* **The task**
Copy each line of the records that contains the word "DIRECTION".

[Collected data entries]
.....

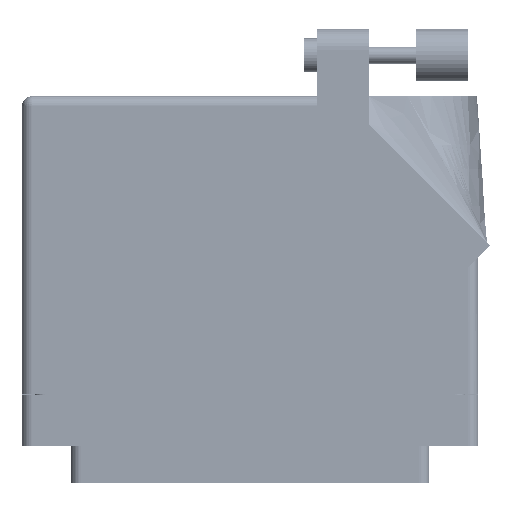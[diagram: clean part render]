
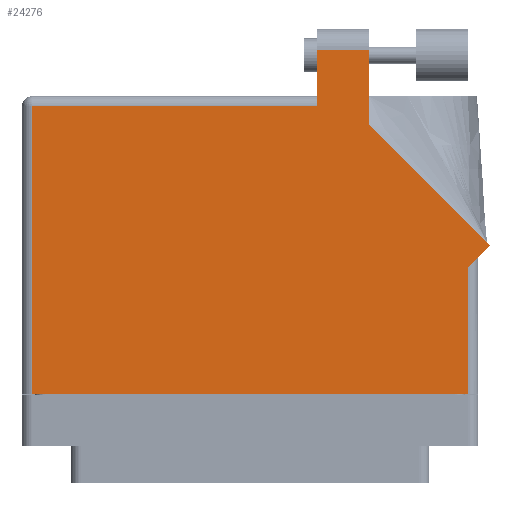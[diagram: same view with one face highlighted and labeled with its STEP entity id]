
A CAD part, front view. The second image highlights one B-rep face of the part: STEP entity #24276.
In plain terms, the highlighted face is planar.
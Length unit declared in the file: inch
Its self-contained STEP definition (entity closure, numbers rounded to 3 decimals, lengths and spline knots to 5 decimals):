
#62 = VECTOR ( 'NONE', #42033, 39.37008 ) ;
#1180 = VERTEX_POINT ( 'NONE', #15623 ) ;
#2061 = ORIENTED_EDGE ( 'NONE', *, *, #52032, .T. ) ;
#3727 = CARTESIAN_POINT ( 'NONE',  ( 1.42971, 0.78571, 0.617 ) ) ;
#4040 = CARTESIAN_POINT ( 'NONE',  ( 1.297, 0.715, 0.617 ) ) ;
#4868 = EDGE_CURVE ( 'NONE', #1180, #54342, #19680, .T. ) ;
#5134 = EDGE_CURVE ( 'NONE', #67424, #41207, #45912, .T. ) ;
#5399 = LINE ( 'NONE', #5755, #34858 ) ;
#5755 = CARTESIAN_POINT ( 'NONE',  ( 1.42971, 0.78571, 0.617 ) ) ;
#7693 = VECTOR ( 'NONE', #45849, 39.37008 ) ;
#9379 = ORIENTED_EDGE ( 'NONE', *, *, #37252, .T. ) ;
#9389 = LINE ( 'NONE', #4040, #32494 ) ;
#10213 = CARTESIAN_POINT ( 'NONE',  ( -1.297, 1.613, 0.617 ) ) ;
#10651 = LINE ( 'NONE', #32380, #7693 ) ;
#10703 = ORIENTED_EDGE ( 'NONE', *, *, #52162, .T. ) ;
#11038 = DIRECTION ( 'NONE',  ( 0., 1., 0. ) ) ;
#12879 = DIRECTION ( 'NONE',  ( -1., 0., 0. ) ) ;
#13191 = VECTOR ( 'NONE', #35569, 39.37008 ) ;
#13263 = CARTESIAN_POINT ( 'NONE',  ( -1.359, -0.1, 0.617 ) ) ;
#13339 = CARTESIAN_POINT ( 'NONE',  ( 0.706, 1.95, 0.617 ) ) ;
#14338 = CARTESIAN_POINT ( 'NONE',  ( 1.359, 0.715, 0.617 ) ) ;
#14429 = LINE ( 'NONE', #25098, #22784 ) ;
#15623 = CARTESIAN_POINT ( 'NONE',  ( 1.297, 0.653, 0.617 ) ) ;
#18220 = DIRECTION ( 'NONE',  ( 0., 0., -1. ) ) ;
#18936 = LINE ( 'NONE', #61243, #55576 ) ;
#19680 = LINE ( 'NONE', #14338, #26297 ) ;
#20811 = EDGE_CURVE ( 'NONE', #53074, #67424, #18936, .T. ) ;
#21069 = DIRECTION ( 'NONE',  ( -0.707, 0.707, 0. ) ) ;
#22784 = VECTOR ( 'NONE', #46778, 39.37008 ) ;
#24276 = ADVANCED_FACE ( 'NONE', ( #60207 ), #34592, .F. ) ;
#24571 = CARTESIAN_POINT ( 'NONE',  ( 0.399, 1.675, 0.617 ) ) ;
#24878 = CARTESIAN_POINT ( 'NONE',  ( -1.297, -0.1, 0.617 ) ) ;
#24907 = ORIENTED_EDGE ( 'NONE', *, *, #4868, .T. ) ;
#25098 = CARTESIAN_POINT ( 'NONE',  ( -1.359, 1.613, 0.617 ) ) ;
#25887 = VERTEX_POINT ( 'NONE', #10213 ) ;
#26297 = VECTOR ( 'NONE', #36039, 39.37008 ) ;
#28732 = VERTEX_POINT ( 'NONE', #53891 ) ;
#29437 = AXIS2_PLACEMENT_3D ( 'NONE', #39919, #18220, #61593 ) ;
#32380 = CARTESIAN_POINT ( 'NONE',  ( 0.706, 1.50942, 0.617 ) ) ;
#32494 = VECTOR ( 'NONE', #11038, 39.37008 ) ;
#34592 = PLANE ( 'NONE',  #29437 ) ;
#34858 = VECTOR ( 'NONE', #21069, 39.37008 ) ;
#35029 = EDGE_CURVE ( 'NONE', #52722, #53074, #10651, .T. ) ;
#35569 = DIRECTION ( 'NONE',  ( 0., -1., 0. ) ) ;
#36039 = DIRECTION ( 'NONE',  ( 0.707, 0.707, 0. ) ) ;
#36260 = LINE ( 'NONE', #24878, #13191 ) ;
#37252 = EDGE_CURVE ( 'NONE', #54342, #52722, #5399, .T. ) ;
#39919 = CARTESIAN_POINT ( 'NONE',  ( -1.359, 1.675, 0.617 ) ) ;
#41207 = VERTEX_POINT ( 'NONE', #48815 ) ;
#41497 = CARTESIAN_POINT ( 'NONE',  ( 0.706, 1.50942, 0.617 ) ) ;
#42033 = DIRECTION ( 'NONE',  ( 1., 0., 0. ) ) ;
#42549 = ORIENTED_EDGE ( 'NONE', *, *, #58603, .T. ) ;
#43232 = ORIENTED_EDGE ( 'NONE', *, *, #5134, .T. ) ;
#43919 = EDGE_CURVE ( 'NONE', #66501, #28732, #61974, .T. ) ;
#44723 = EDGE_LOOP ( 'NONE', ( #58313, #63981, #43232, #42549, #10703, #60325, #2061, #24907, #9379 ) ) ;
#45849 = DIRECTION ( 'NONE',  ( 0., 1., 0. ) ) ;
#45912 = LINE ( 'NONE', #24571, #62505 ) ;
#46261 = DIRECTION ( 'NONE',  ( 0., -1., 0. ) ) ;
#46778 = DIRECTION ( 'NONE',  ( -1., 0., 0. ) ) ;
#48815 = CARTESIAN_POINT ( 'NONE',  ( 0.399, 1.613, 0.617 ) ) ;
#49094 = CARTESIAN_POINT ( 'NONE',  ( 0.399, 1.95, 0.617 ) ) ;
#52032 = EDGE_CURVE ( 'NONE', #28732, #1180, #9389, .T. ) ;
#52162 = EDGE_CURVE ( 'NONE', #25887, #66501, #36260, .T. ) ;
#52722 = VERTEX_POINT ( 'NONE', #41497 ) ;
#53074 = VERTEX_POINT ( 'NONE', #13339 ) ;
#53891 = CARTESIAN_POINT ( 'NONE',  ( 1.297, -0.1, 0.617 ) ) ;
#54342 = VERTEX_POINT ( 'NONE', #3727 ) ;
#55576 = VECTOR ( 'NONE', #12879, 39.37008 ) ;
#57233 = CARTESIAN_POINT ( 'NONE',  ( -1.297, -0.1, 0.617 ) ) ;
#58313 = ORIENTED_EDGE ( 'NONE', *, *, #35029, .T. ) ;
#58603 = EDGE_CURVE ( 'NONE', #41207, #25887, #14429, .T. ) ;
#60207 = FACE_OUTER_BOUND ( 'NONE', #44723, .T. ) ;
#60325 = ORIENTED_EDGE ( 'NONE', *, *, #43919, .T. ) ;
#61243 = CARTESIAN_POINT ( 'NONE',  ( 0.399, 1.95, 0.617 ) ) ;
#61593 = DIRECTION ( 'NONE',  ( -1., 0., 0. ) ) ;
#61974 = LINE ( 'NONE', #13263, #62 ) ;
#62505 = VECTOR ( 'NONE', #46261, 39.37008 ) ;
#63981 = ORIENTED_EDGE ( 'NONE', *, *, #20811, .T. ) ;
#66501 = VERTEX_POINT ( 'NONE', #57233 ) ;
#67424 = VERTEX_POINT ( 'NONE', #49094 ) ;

.....

* **Task answer**
#11038 = DIRECTION ( 'NONE',  ( 0., 1., 0. ) ) ;
#12879 = DIRECTION ( 'NONE',  ( -1., 0., 0. ) ) ;
#18220 = DIRECTION ( 'NONE',  ( 0., 0., -1. ) ) ;
#21069 = DIRECTION ( 'NONE',  ( -0.707, 0.707, 0. ) ) ;
#35569 = DIRECTION ( 'NONE',  ( 0., -1., 0. ) ) ;
#36039 = DIRECTION ( 'NONE',  ( 0.707, 0.707, 0. ) ) ;
#42033 = DIRECTION ( 'NONE',  ( 1., 0., 0. ) ) ;
#45849 = DIRECTION ( 'NONE',  ( 0., 1., 0. ) ) ;
#46261 = DIRECTION ( 'NONE',  ( 0., -1., 0. ) ) ;
#46778 = DIRECTION ( 'NONE',  ( -1., 0., 0. ) ) ;
#61593 = DIRECTION ( 'NONE',  ( -1., 0., 0. ) ) ;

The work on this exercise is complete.